As shown in Figs. 1 and 2, when liquid (water) is injected in an unconventional reservoir for hydraulic fracturing, before the injection of the proppant, the formation begins to fracture. As the formation starts to fracture, the continuation of the fracture will go through the least resistant pathways in the rock. In a naturally fractured reservoir, the least resistant pathway is the network of the natural fractures while the actual fabric of the rock that has not been naturally fractured has more resistance. Hydraulic fracturing of unconventional reservoirs such as shale that are naturally fractured, therefore, creates highly complex networks of natural fractures that cannot be modeled in detail. This is because the shape, characteristics, and details of the natural fracture of the rock cannot be observed or measured throughout the reservoir. The highly complex shape of the hydraulic-fracture network in the unconventional reservoir is a function of heterogeneity and the natural-fracture network.

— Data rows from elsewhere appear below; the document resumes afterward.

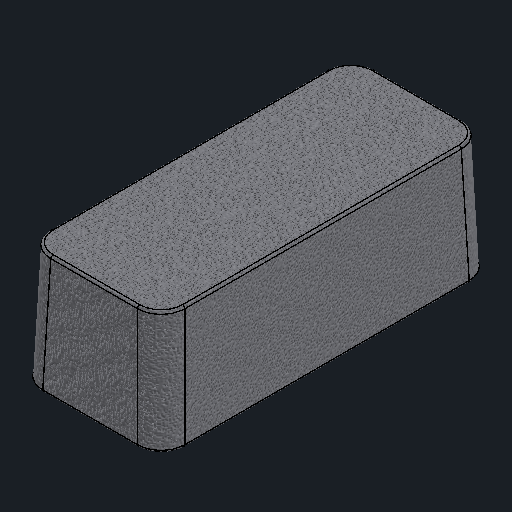
# Autodesk Inventor part: Drive
Saved by Autodesk Inventor 2026.2 (Build 302298000, 298)
## iProperties
Created: 2026-05-18
Part Number: Drive
Material: Steel, Cast
Document SubType Name: Modeling
Designer: JoshuaEah
Density: 7.85 g/cm^3
Appearance: Iron - Cast
Author: JoshuaEah
Autodesk Inventor part; units mm, degrees
ref_plane "YZ Plane" through (0, 0, 0) normal (1, 0, 0) x (0, 1, 0)
ref_plane "XZ Plane" through (0, 0, 0) normal (0, 1, 0) x (-1, 0, 0)
ref_plane "XY Plane" through (0, 0, 0) normal (0, 0, 1) x (1, 0, 0)
sketch "Sketch1" plane through (0, 0, 0) normal (0, 1, 0) x (-1, 0, 0)
  line L0 (0, 0) -> (-38.1, 0)
  line L1 (-38.1, 0) -> (-38.1, -88.9)
  line L2 (-38.1, -88.9) -> (0, -88.9)
  line L3 (0, -88.9) -> (0, 0)
  dimension "d0" = 38.1
  dimension "d1" = 88.9
  constraints: 8 end point, 2 parallel, 1 coincident, 1 horizontal, 1 perpendicular
  measures "d0" distance of L2.end L1.end
  measures "d1" distance of L1.end L0.end
extrude "Extrusion1" add sketch "Sketch1" along normal blind 31.75 draft -2
fillet "Fillet1" radius 6.35 4 edges at (0.5544, 15.875, -0.5544) (37.5456, 15.875, -88.3456) (0.5544, 15.875, -88.3456) (37.5456, 15.875, -0.5544)
fillet "Fillet2" radius 0.635 16 edges at (35.133, 31.75, -2.967) (19.05, 31.75, -1.1087) (2.967, 31.75, -2.967) (1.1087, 31.75, -44.45) (2.967, 31.75, -85.933) (19.05, 31.75, -87.7913) (35.133, 31.75, -85.933) (36.9913, 31.75, -44.45) (36.2417, 0, -87.0417) (19.05, 0, -88.9) (1.8583, 0, -87.0417) (0, 0, -44.45) (1.8583, 0, -1.8583) (19.05, 0, 0) (36.2417, 0, -1.8583) (38.1, 0, -44.45)
body "Solid1"

When model development of hydraulic fracturing was first performed more than 50 years ago, the shape of the hydraulic fracture in the conventional reservoir was modeled using an elliptical shape, as shown in Fig. 3. This traditional hydraulic-fracture model includes four specific characteristics that allow it to be modeled using mathematical equations. These four specific characteristics are fracture half-length, fracture height, fracture width, and fracture conductivity. Comparing the shapes of the hydraulic fractures shown in Figs. 1 and 2 with the shapes of the hydraulic fracture shown in Fig. 3 clearly reveals how different the actual shape of hydraulic fracture is between unconventional and conventional reservoirs.
When the actual hydraulic fractures look like what is shown in Figs. 1 and 2, does modeling it using the shape shown in Fig. 3 make any sense or have anything to do with reality? This is a good example of how assumptions, interpretations, preconceived notions, simplifications, and biases that are included in the mathematical equations (used to model the physics of fluid flow in porous media) are included in the hybrid models that combine them with real field measurements.
The ethics of AI has proven to be an important issue when AI-based models are used in decision making. AI ethics can expose biases that may have been included in the AI applications of engineering and nonengineering problem-solving. Research referenced in Part 1 of this series shows how biases such as racism and sexism in AI-based models have been exposed through AI ethics. This article shows how assumptions, interpretations, and biases developed by traditional engineers also can be included in the engineering application of AI.